Venezuela's Maduro bars opposition some parties from presidential vote

Election scheduled for second half of 2018

By MARILIA BROCCHETTO, CNN
Headline Goes Here Spencer Platt/Getty Images

Nicolas Maduro

(CNN) - Venezuelan President Nicolas Maduro said on Sunday that some of the main opposition parties will not be allowed to run in next year's presidential election.

Speaking to supporters and journalists after voting in mayoral elections, Maduro said political parties that did not participate in Sunday's elections, or called for a boycott, would be denied entry in the 2018 election.

"The other parties, Voluntad Popular, Primero Justicia, have disappeared from the Venezuelan political map and today disappear totally," he said. "Parties that did not participate today and have called for voters to participate in a boycott cannot participate anymore (in elections)."

"That is the criteria that the National Constituent Assembly had put forward, constitutionally and legally," he said. "And I, as chief of state, support them."

The Venezuelan National Electoral Commission has not yet commented on Maduro's statements.

Presidential elections are supposed to take place in the second half of 2018, though that timeline could change.

Some of the opposition parties did not put forward candidates in Sunday's election and called for voters to boycott the polls.

The opposition parties say electoral fraud occurred in last October's gubernatorial election, won mostly by Maduro supporters. The opposition parties alleged irregularities in the polling process before, during and after election day, and committed not to take part in any further elections until a new electoral commission is named.

Sunday's elections were the third in 2017. In addition to the October election, Venezuelans also voted in July to choose new assembly leaders.

More than 120 people were killed in months of protest leading up to that vote, the Venezuelan attorney general's office said.

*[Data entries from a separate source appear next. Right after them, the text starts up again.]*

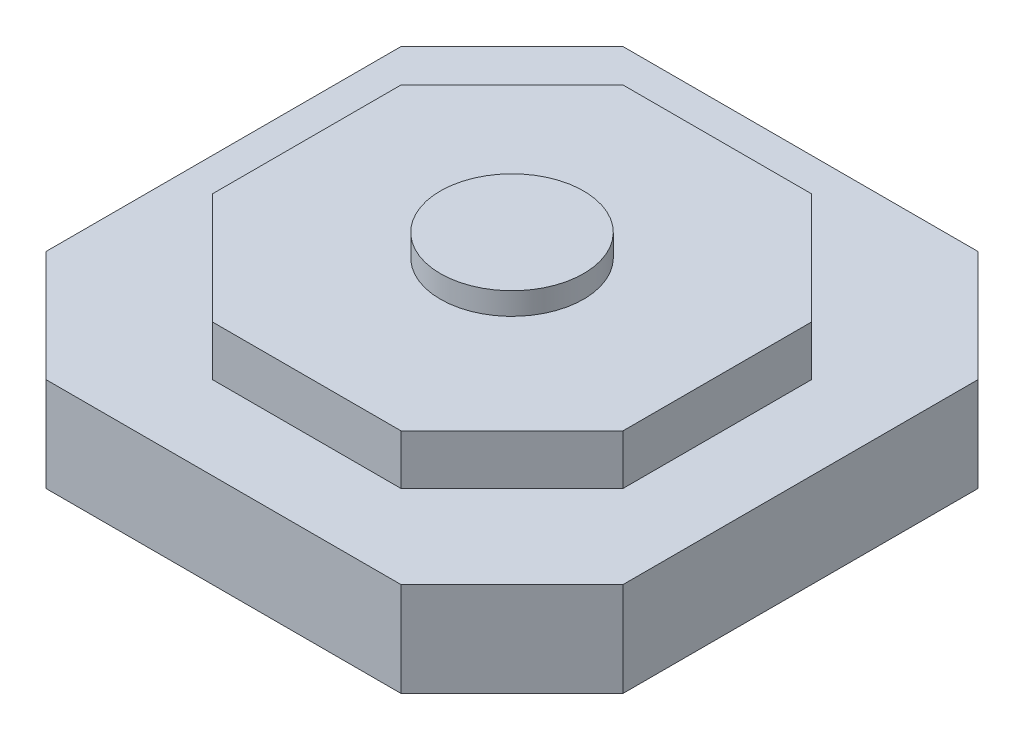
ISO-10303-21;
HEADER;
FILE_DESCRIPTION(('STEP AP214'),'2;1');
FILE_NAME('part.step','',(''),(''),'','','');
FILE_SCHEMA(('AUTOMOTIVE_DESIGN { 1 0 10303 214 1 1 1 1 }'));
ENDSEC;
DATA;
#1=APPLICATION_CONTEXT('core data for automotive mechanical design processes');
#2=APPLICATION_PROTOCOL_DEFINITION('international standard','automotive_design',2000,#1);
#3=PRODUCT_CONTEXT('',#1,'mechanical');
#4=PRODUCT('Part','Part','',(#3));
#5=PRODUCT_RELATED_PRODUCT_CATEGORY('part','',(#4));
#6=PRODUCT_DEFINITION_FORMATION('','',#4);
#7=PRODUCT_DEFINITION_CONTEXT('part definition',#1,'design');
#8=PRODUCT_DEFINITION('design','',#6,#7);
#9=PRODUCT_DEFINITION_SHAPE('','',#8);
#10=(LENGTH_UNIT() NAMED_UNIT(*) SI_UNIT(.MILLI.,.METRE.));
#11=(NAMED_UNIT(*) PLANE_ANGLE_UNIT() SI_UNIT($,.RADIAN.));
#12=(NAMED_UNIT(*) SI_UNIT($,.STERADIAN.) SOLID_ANGLE_UNIT());
#13=UNCERTAINTY_MEASURE_WITH_UNIT(LENGTH_MEASURE(1.E-05),#10,'distance_accuracy_value','');
#14=(GEOMETRIC_REPRESENTATION_CONTEXT(3) GLOBAL_UNCERTAINTY_ASSIGNED_CONTEXT((#13)) GLOBAL_UNIT_ASSIGNED_CONTEXT((#10,
#11,#12)) REPRESENTATION_CONTEXT('',''));
#15=CARTESIAN_POINT('',(0.,0.,0.));
#16=DIRECTION('',(0.,0.,1.));
#17=DIRECTION('',(1.,0.,0.));
#18=AXIS2_PLACEMENT_3D('',#15,#16,#17);
#19=CARTESIAN_POINT('',(2.6,0.85,-2.6));
#20=DIRECTION('',(-1.,0.,0.));
#21=DIRECTION('',(0.,0.,1.));
#22=AXIS2_PLACEMENT_3D('',#19,#20,#21);
#23=PLANE('',#22);
#24=DIRECTION('',(0.,0.,-1.));
#25=VECTOR('',#24,1.);
#26=CARTESIAN_POINT('',(2.6,0.,-2.6));
#27=LINE('',#26,#25);
#28=CARTESIAN_POINT('',(2.6,0.,1.6));
#29=VERTEX_POINT('',#28);
#30=CARTESIAN_POINT('',(2.6,0.,-1.6));
#31=VERTEX_POINT('',#30);
#32=EDGE_CURVE('E185',#29,#31,#27,.T.);
#33=ORIENTED_EDGE('',*,*,#32,.T.);
#34=DIRECTION('',(0.,1.,0.));
#35=VECTOR('',#34,1.);
#36=CARTESIAN_POINT('',(2.6,0.85,-1.6));
#37=LINE('',#36,#35);
#38=CARTESIAN_POINT('',(2.6,0.85,-1.6));
#39=VERTEX_POINT('',#38);
#40=EDGE_CURVE('E209',#31,#39,#37,.T.);
#41=ORIENTED_EDGE('',*,*,#40,.T.);
#42=DIRECTION('',(0.,0.,-1.));
#43=VECTOR('',#42,1.);
#44=CARTESIAN_POINT('',(2.6,0.85,-2.6));
#45=LINE('',#44,#43);
#46=CARTESIAN_POINT('',(2.6,0.85,1.6));
#47=VERTEX_POINT('',#46);
#48=EDGE_CURVE('E183',#47,#39,#45,.T.);
#49=ORIENTED_EDGE('',*,*,#48,.F.);
#50=DIRECTION('',(0.,-1.,0.));
#51=VECTOR('',#50,1.);
#52=CARTESIAN_POINT('',(2.6,0.85,1.6));
#53=LINE('',#52,#51);
#54=EDGE_CURVE('E206',#47,#29,#53,.T.);
#55=ORIENTED_EDGE('',*,*,#54,.T.);
#56=EDGE_LOOP('',(#33,#41,#49,#55));
#57=FACE_BOUND('',#56,.T.);
#58=ADVANCED_FACE('F37',(#57),#23,.F.);
#59=CARTESIAN_POINT('',(-2.6,0.85,-2.6));
#60=DIRECTION('',(0.,0.,1.));
#61=DIRECTION('',(1.,0.,0.));
#62=AXIS2_PLACEMENT_3D('',#59,#60,#61);
#63=PLANE('',#62);
#64=DIRECTION('',(-1.,0.,0.));
#65=VECTOR('',#64,1.);
#66=CARTESIAN_POINT('',(-2.6,0.,-2.6));
#67=LINE('',#66,#65);
#68=CARTESIAN_POINT('',(1.6,0.,-2.6));
#69=VERTEX_POINT('',#68);
#70=CARTESIAN_POINT('',(-1.6,0.,-2.6));
#71=VERTEX_POINT('',#70);
#72=EDGE_CURVE('E180',#69,#71,#67,.T.);
#73=ORIENTED_EDGE('',*,*,#72,.T.);
#74=DIRECTION('',(0.,1.,0.));
#75=VECTOR('',#74,1.);
#76=CARTESIAN_POINT('',(-1.6,0.85,-2.6));
#77=LINE('',#76,#75);
#78=CARTESIAN_POINT('',(-1.6,0.85,-2.6));
#79=VERTEX_POINT('',#78);
#80=EDGE_CURVE('E158',#71,#79,#77,.T.);
#81=ORIENTED_EDGE('',*,*,#80,.T.);
#82=DIRECTION('',(-1.,0.,0.));
#83=VECTOR('',#82,1.);
#84=CARTESIAN_POINT('',(-2.6,0.85,-2.6));
#85=LINE('',#84,#83);
#86=CARTESIAN_POINT('',(1.6,0.85,-2.6));
#87=VERTEX_POINT('',#86);
#88=EDGE_CURVE('E289',#87,#79,#85,.T.);
#89=ORIENTED_EDGE('',*,*,#88,.F.);
#90=DIRECTION('',(0.,-1.,0.));
#91=VECTOR('',#90,1.);
#92=CARTESIAN_POINT('',(1.6,0.85,-2.6));
#93=LINE('',#92,#91);
#94=EDGE_CURVE('E163',#87,#69,#93,.T.);
#95=ORIENTED_EDGE('',*,*,#94,.T.);
#96=EDGE_LOOP('',(#73,#81,#89,#95));
#97=FACE_BOUND('',#96,.T.);
#98=ADVANCED_FACE('F306',(#97),#63,.F.);
#99=CARTESIAN_POINT('',(-2.6,0.85,-2.6));
#100=DIRECTION('',(1.,0.,0.));
#101=DIRECTION('',(0.,0.,-1.));
#102=AXIS2_PLACEMENT_3D('',#99,#100,#101);
#103=PLANE('',#102);
#104=DIRECTION('',(0.,0.,1.));
#105=VECTOR('',#104,1.);
#106=CARTESIAN_POINT('',(-2.6,0.85,-2.6));
#107=LINE('',#106,#105);
#108=CARTESIAN_POINT('',(-2.6,0.85,-1.6));
#109=VERTEX_POINT('',#108);
#110=CARTESIAN_POINT('',(-2.6,0.85,1.6));
#111=VERTEX_POINT('',#110);
#112=EDGE_CURVE('E173',#109,#111,#107,.T.);
#113=ORIENTED_EDGE('',*,*,#112,.F.);
#114=DIRECTION('',(0.,-1.,0.));
#115=VECTOR('',#114,1.);
#116=CARTESIAN_POINT('',(-2.6,0.85,-1.6));
#117=LINE('',#116,#115);
#118=CARTESIAN_POINT('',(-2.6,0.,-1.6));
#119=VERTEX_POINT('',#118);
#120=EDGE_CURVE('E157',#109,#119,#117,.T.);
#121=ORIENTED_EDGE('',*,*,#120,.T.);
#122=DIRECTION('',(0.,0.,1.));
#123=VECTOR('',#122,1.);
#124=CARTESIAN_POINT('',(-2.6,0.,-2.6));
#125=LINE('',#124,#123);
#126=CARTESIAN_POINT('',(-2.6,0.,1.6));
#127=VERTEX_POINT('',#126);
#128=EDGE_CURVE('E170',#119,#127,#125,.T.);
#129=ORIENTED_EDGE('',*,*,#128,.T.);
#130=DIRECTION('',(0.,1.,0.));
#131=VECTOR('',#130,1.);
#132=CARTESIAN_POINT('',(-2.6,0.85,1.6));
#133=LINE('',#132,#131);
#134=EDGE_CURVE('E175',#127,#111,#133,.T.);
#135=ORIENTED_EDGE('',*,*,#134,.T.);
#136=EDGE_LOOP('',(#113,#121,#129,#135));
#137=FACE_BOUND('',#136,.T.);
#138=ADVANCED_FACE('F169',(#137),#103,.F.);
#139=CARTESIAN_POINT('',(-2.6,0.85,2.6));
#140=DIRECTION('',(0.,0.,-1.));
#141=DIRECTION('',(-1.,0.,0.));
#142=AXIS2_PLACEMENT_3D('',#139,#140,#141);
#143=PLANE('',#142);
#144=DIRECTION('',(1.,0.,0.));
#145=VECTOR('',#144,1.);
#146=CARTESIAN_POINT('',(-2.6,0.,2.6));
#147=LINE('',#146,#145);
#148=CARTESIAN_POINT('',(-1.6,0.,2.6));
#149=VERTEX_POINT('',#148);
#150=CARTESIAN_POINT('',(1.6,0.,2.6));
#151=VERTEX_POINT('',#150);
#152=EDGE_CURVE('E179',#149,#151,#147,.T.);
#153=ORIENTED_EDGE('',*,*,#152,.T.);
#154=DIRECTION('',(0.,1.,0.));
#155=VECTOR('',#154,1.);
#156=CARTESIAN_POINT('',(1.6,0.85,2.6));
#157=LINE('',#156,#155);
#158=CARTESIAN_POINT('',(1.6,0.85,2.6));
#159=VERTEX_POINT('',#158);
#160=EDGE_CURVE('E214',#151,#159,#157,.T.);
#161=ORIENTED_EDGE('',*,*,#160,.T.);
#162=DIRECTION('',(1.,0.,0.));
#163=VECTOR('',#162,1.);
#164=CARTESIAN_POINT('',(-2.6,0.85,2.6));
#165=LINE('',#164,#163);
#166=CARTESIAN_POINT('',(-1.6,0.85,2.6));
#167=VERTEX_POINT('',#166);
#168=EDGE_CURVE('E189',#167,#159,#165,.T.);
#169=ORIENTED_EDGE('',*,*,#168,.F.);
#170=DIRECTION('',(0.,-1.,0.));
#171=VECTOR('',#170,1.);
#172=CARTESIAN_POINT('',(-1.6,0.85,2.6));
#173=LINE('',#172,#171);
#174=EDGE_CURVE('E211',#167,#149,#173,.T.);
#175=ORIENTED_EDGE('',*,*,#174,.T.);
#176=EDGE_LOOP('',(#153,#161,#169,#175));
#177=FACE_BOUND('',#176,.T.);
#178=ADVANCED_FACE('F313',(#177),#143,.F.);
#179=CARTESIAN_POINT('',(0.,0.85,0.));
#180=DIRECTION('',(0.,1.,0.));
#181=DIRECTION('',(0.,0.,1.));
#182=AXIS2_PLACEMENT_3D('',#179,#180,#181);
#183=PLANE('',#182);
#184=DIRECTION('',(0.,0.,-1.));
#185=VECTOR('',#184,1.);
#186=CARTESIAN_POINT('',(1.85,0.85,-1.85));
#187=LINE('',#186,#185);
#188=CARTESIAN_POINT('',(1.85,0.85,0.850000000000001));
#189=VERTEX_POINT('',#188);
#190=CARTESIAN_POINT('',(1.85,0.85,-0.849999999999999));
#191=VERTEX_POINT('',#190);
#192=EDGE_CURVE('E250',#189,#191,#187,.T.);
#193=ORIENTED_EDGE('',*,*,#192,.F.);
#194=DIRECTION('',(0.707106781186549,0.,-0.707106781186546));
#195=VECTOR('',#194,1.);
#196=CARTESIAN_POINT('',(1.85,0.85,0.850000000000001));
#197=LINE('',#196,#195);
#198=CARTESIAN_POINT('',(0.849999999999997,0.85,1.85));
#199=VERTEX_POINT('',#198);
#200=EDGE_CURVE('E245',#189,#199,#197,.F.);
#201=ORIENTED_EDGE('',*,*,#200,.T.);
#202=DIRECTION('',(1.,0.,0.));
#203=VECTOR('',#202,1.);
#204=CARTESIAN_POINT('',(-1.85,0.85,1.85));
#205=LINE('',#204,#203);
#206=CARTESIAN_POINT('',(-0.849999999999997,0.85,1.85));
#207=VERTEX_POINT('',#206);
#208=EDGE_CURVE('E276',#207,#199,#205,.T.);
#209=ORIENTED_EDGE('',*,*,#208,.F.);
#210=DIRECTION('',(0.707106781186546,0.,0.707106781186549));
#211=VECTOR('',#210,1.);
#212=CARTESIAN_POINT('',(-0.849999999999997,0.85,1.85));
#213=LINE('',#212,#211);
#214=CARTESIAN_POINT('',(-1.85,0.85,0.849999999999994));
#215=VERTEX_POINT('',#214);
#216=EDGE_CURVE('E243',#207,#215,#213,.F.);
#217=ORIENTED_EDGE('',*,*,#216,.T.);
#218=DIRECTION('',(0.,0.,1.));
#219=VECTOR('',#218,1.);
#220=CARTESIAN_POINT('',(-1.85,0.85,-1.85));
#221=LINE('',#220,#219);
#222=CARTESIAN_POINT('',(-1.85,0.85,-0.850000000000001));
#223=VERTEX_POINT('',#222);
#224=EDGE_CURVE('E282',#223,#215,#221,.T.);
#225=ORIENTED_EDGE('',*,*,#224,.F.);
#226=DIRECTION('',(-0.707106781186549,0.,0.707106781186546));
#227=VECTOR('',#226,1.);
#228=CARTESIAN_POINT('',(-1.85,0.85,-0.850000000000001));
#229=LINE('',#228,#227);
#230=CARTESIAN_POINT('',(-0.849999999999998,0.85,-1.85));
#231=VERTEX_POINT('',#230);
#232=EDGE_CURVE('E42',#223,#231,#229,.F.);
#233=ORIENTED_EDGE('',*,*,#232,.T.);
#234=DIRECTION('',(-1.,0.,0.));
#235=VECTOR('',#234,1.);
#236=CARTESIAN_POINT('',(-1.85,0.85,-1.85));
#237=LINE('',#236,#235);
#238=CARTESIAN_POINT('',(0.850000000000002,0.85,-1.85));
#239=VERTEX_POINT('',#238);
#240=EDGE_CURVE('E251',#239,#231,#237,.T.);
#241=ORIENTED_EDGE('',*,*,#240,.F.);
#242=DIRECTION('',(-0.707106781186546,0.,-0.707106781186549));
#243=VECTOR('',#242,1.);
#244=CARTESIAN_POINT('',(0.850000000000002,0.85,-1.85));
#245=LINE('',#244,#243);
#246=EDGE_CURVE('E61',#239,#191,#245,.F.);
#247=ORIENTED_EDGE('',*,*,#246,.T.);
#248=EDGE_LOOP('',(#193,#201,#209,#217,#225,#233,#241,#247));
#249=FACE_BOUND('',#248,.T.);
#250=ORIENTED_EDGE('',*,*,#88,.T.);
#251=DIRECTION('',(0.707106781186549,0.,-0.707106781186546));
#252=VECTOR('',#251,1.);
#253=CARTESIAN_POINT('',(-2.1,0.85,-2.1));
#254=LINE('',#253,#252);
#255=EDGE_CURVE('E204',#79,#109,#254,.F.);
#256=ORIENTED_EDGE('',*,*,#255,.T.);
#257=ORIENTED_EDGE('',*,*,#112,.T.);
#258=DIRECTION('',(-0.707106781186546,0.,-0.707106781186549));
#259=VECTOR('',#258,1.);
#260=CARTESIAN_POINT('',(-2.1,0.85,2.1));
#261=LINE('',#260,#259);
#262=EDGE_CURVE('E198',#111,#167,#261,.F.);
#263=ORIENTED_EDGE('',*,*,#262,.T.);
#264=ORIENTED_EDGE('',*,*,#168,.T.);
#265=DIRECTION('',(-0.707106781186549,0.,0.707106781186546));
#266=VECTOR('',#265,1.);
#267=CARTESIAN_POINT('',(2.1,0.85,2.1));
#268=LINE('',#267,#266);
#269=EDGE_CURVE('E200',#159,#47,#268,.F.);
#270=ORIENTED_EDGE('',*,*,#269,.T.);
#271=ORIENTED_EDGE('',*,*,#48,.T.);
#272=DIRECTION('',(0.707106781186546,0.,0.707106781186549));
#273=VECTOR('',#272,1.);
#274=CARTESIAN_POINT('',(2.1,0.85,-2.1));
#275=LINE('',#274,#273);
#276=EDGE_CURVE('E202',#39,#87,#275,.F.);
#277=ORIENTED_EDGE('',*,*,#276,.T.);
#278=EDGE_LOOP('',(#250,#256,#257,#263,#264,#270,#271,#277));
#279=FACE_BOUND('',#278,.T.);
#280=ADVANCED_FACE('F248',(#249,#279),#183,.T.);
#281=CARTESIAN_POINT('',(0.,0.,0.));
#282=DIRECTION('',(0.,1.,0.));
#283=DIRECTION('',(0.,0.,1.));
#284=AXIS2_PLACEMENT_3D('',#281,#282,#283);
#285=PLANE('',#284);
#286=ORIENTED_EDGE('',*,*,#128,.F.);
#287=DIRECTION('',(-0.707106781186549,0.,0.707106781186546));
#288=VECTOR('',#287,1.);
#289=CARTESIAN_POINT('',(-2.6,0.,-1.6));
#290=LINE('',#289,#288);
#291=EDGE_CURVE('E153',#119,#71,#290,.F.);
#292=ORIENTED_EDGE('',*,*,#291,.T.);
#293=ORIENTED_EDGE('',*,*,#72,.F.);
#294=DIRECTION('',(-0.707106781186546,0.,-0.707106781186549));
#295=VECTOR('',#294,1.);
#296=CARTESIAN_POINT('',(1.6,0.,-2.6));
#297=LINE('',#296,#295);
#298=EDGE_CURVE('E164',#69,#31,#297,.F.);
#299=ORIENTED_EDGE('',*,*,#298,.T.);
#300=ORIENTED_EDGE('',*,*,#32,.F.);
#301=DIRECTION('',(0.707106781186549,0.,-0.707106781186546));
#302=VECTOR('',#301,1.);
#303=CARTESIAN_POINT('',(2.6,0.,1.6));
#304=LINE('',#303,#302);
#305=EDGE_CURVE('E192',#29,#151,#304,.F.);
#306=ORIENTED_EDGE('',*,*,#305,.T.);
#307=ORIENTED_EDGE('',*,*,#152,.F.);
#308=DIRECTION('',(0.707106781186546,0.,0.707106781186549));
#309=VECTOR('',#308,1.);
#310=CARTESIAN_POINT('',(-1.6,0.,2.6));
#311=LINE('',#310,#309);
#312=EDGE_CURVE('E174',#149,#127,#311,.F.);
#313=ORIENTED_EDGE('',*,*,#312,.T.);
#314=EDGE_LOOP('',(#286,#292,#293,#299,#300,#306,#307,#313));
#315=FACE_BOUND('',#314,.T.);
#316=ADVANCED_FACE('F177',(#315),#285,.F.);
#317=CARTESIAN_POINT('',(-2.6,0.85,-1.6));
#318=DIRECTION('',(0.707106781186546,0.,0.707106781186549));
#319=DIRECTION('',(0.,-1.,0.));
#320=AXIS2_PLACEMENT_3D('',#317,#318,#319);
#321=PLANE('',#320);
#322=ORIENTED_EDGE('',*,*,#255,.F.);
#323=ORIENTED_EDGE('',*,*,#80,.F.);
#324=ORIENTED_EDGE('',*,*,#291,.F.);
#325=ORIENTED_EDGE('',*,*,#120,.F.);
#326=EDGE_LOOP('',(#322,#323,#324,#325));
#327=FACE_BOUND('',#326,.T.);
#328=ADVANCED_FACE('F156',(#327),#321,.F.);
#329=CARTESIAN_POINT('',(1.6,0.85,-2.6));
#330=DIRECTION('',(-0.707106781186549,0.,0.707106781186546));
#331=DIRECTION('',(0.,-1.,0.));
#332=AXIS2_PLACEMENT_3D('',#329,#330,#331);
#333=PLANE('',#332);
#334=ORIENTED_EDGE('',*,*,#276,.F.);
#335=ORIENTED_EDGE('',*,*,#40,.F.);
#336=ORIENTED_EDGE('',*,*,#298,.F.);
#337=ORIENTED_EDGE('',*,*,#94,.F.);
#338=EDGE_LOOP('',(#334,#335,#336,#337));
#339=FACE_BOUND('',#338,.T.);
#340=ADVANCED_FACE('F302',(#339),#333,.F.);
#341=CARTESIAN_POINT('',(2.6,0.85,1.6));
#342=DIRECTION('',(-0.707106781186546,0.,-0.707106781186549));
#343=DIRECTION('',(0.,-1.,0.));
#344=AXIS2_PLACEMENT_3D('',#341,#342,#343);
#345=PLANE('',#344);
#346=ORIENTED_EDGE('',*,*,#269,.F.);
#347=ORIENTED_EDGE('',*,*,#160,.F.);
#348=ORIENTED_EDGE('',*,*,#305,.F.);
#349=ORIENTED_EDGE('',*,*,#54,.F.);
#350=EDGE_LOOP('',(#346,#347,#348,#349));
#351=FACE_BOUND('',#350,.T.);
#352=ADVANCED_FACE('F329',(#351),#345,.F.);
#353=CARTESIAN_POINT('',(-1.6,0.85,2.6));
#354=DIRECTION('',(0.707106781186549,0.,-0.707106781186546));
#355=DIRECTION('',(0.,-1.,0.));
#356=AXIS2_PLACEMENT_3D('',#353,#354,#355);
#357=PLANE('',#356);
#358=ORIENTED_EDGE('',*,*,#262,.F.);
#359=ORIENTED_EDGE('',*,*,#134,.F.);
#360=ORIENTED_EDGE('',*,*,#312,.F.);
#361=ORIENTED_EDGE('',*,*,#174,.F.);
#362=EDGE_LOOP('',(#358,#359,#360,#361));
#363=FACE_BOUND('',#362,.T.);
#364=ADVANCED_FACE('F335',(#363),#357,.F.);
#365=CARTESIAN_POINT('',(1.85,1.3,-1.85));
#366=DIRECTION('',(-1.,0.,0.));
#367=DIRECTION('',(0.,0.,1.));
#368=AXIS2_PLACEMENT_3D('',#365,#366,#367);
#369=PLANE('',#368);
#370=DIRECTION('',(0.,0.,-1.));
#371=VECTOR('',#370,1.);
#372=CARTESIAN_POINT('',(1.85,1.3,-1.85));
#373=LINE('',#372,#371);
#374=CARTESIAN_POINT('',(1.85,1.3,0.850000000000001));
#375=VERTEX_POINT('',#374);
#376=CARTESIAN_POINT('',(1.85,1.3,-0.849999999999999));
#377=VERTEX_POINT('',#376);
#378=EDGE_CURVE('E268',#375,#377,#373,.T.);
#379=ORIENTED_EDGE('',*,*,#378,.F.);
#380=DIRECTION('',(0.,-1.,0.));
#381=VECTOR('',#380,1.);
#382=CARTESIAN_POINT('',(1.85,1.3,0.850000000000001));
#383=LINE('',#382,#381);
#384=EDGE_CURVE('E236',#375,#189,#383,.T.);
#385=ORIENTED_EDGE('',*,*,#384,.T.);
#386=ORIENTED_EDGE('',*,*,#192,.T.);
#387=DIRECTION('',(0.,1.,0.));
#388=VECTOR('',#387,1.);
#389=CARTESIAN_POINT('',(1.85,1.3,-0.849999999999999));
#390=LINE('',#389,#388);
#391=EDGE_CURVE('E234',#191,#377,#390,.T.);
#392=ORIENTED_EDGE('',*,*,#391,.T.);
#393=EDGE_LOOP('',(#379,#385,#386,#392));
#394=FACE_BOUND('',#393,.T.);
#395=ADVANCED_FACE('F254',(#394),#369,.F.);
#396=CARTESIAN_POINT('',(-1.85,1.3,-1.85));
#397=DIRECTION('',(0.,0.,1.));
#398=DIRECTION('',(1.,0.,0.));
#399=AXIS2_PLACEMENT_3D('',#396,#397,#398);
#400=PLANE('',#399);
#401=DIRECTION('',(-1.,0.,0.));
#402=VECTOR('',#401,1.);
#403=CARTESIAN_POINT('',(-1.85,1.3,-1.85));
#404=LINE('',#403,#402);
#405=CARTESIAN_POINT('',(0.850000000000002,1.3,-1.85));
#406=VERTEX_POINT('',#405);
#407=CARTESIAN_POINT('',(-0.849999999999998,1.3,-1.85));
#408=VERTEX_POINT('',#407);
#409=EDGE_CURVE('E266',#406,#408,#404,.T.);
#410=ORIENTED_EDGE('',*,*,#409,.F.);
#411=DIRECTION('',(0.,-1.,0.));
#412=VECTOR('',#411,1.);
#413=CARTESIAN_POINT('',(0.850000000000002,1.3,-1.85));
#414=LINE('',#413,#412);
#415=EDGE_CURVE('E241',#406,#239,#414,.T.);
#416=ORIENTED_EDGE('',*,*,#415,.T.);
#417=ORIENTED_EDGE('',*,*,#240,.T.);
#418=DIRECTION('',(0.,1.,0.));
#419=VECTOR('',#418,1.);
#420=CARTESIAN_POINT('',(-0.849999999999998,1.3,-1.85));
#421=LINE('',#420,#419);
#422=EDGE_CURVE('E239',#231,#408,#421,.T.);
#423=ORIENTED_EDGE('',*,*,#422,.T.);
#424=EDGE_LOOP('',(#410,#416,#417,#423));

The vote allowed Maduro to establish a new institution called the Constituent Assembly, which was stacked with his supporters. It replaced the National Assembly, which had been controlled by Maduro's opponents.

The new Constituent Assembly gave Maduro's allies the power to rewrite Venezuela's constitution.

In wake of the election, London-based Smartmatic -- which provided the voting technology -- said turnout figures were manipulated.

The US Treasury Department called the July election "illegitimate" and slapped new sanctions on Maduro. In September, the Trump administration included Venezuela in its travel ban.

Opposition leaders did not immediately respond to Maduro's statement on Sunday.

Last month, one of Maduro's major opponents, former Caracas mayor Antonio Ledezma, fled to Spain. He'd been under house arrest after Maduro accused him of involvement in a plot to overthrow the government.

Venezuela is facing several crises. Skyrocketing inflation has created extreme shortages of food, medicine and other essentials. The International Monetary Fund predicts that inflation in Venezuela will hit 650% this year and 2,300% in 2018.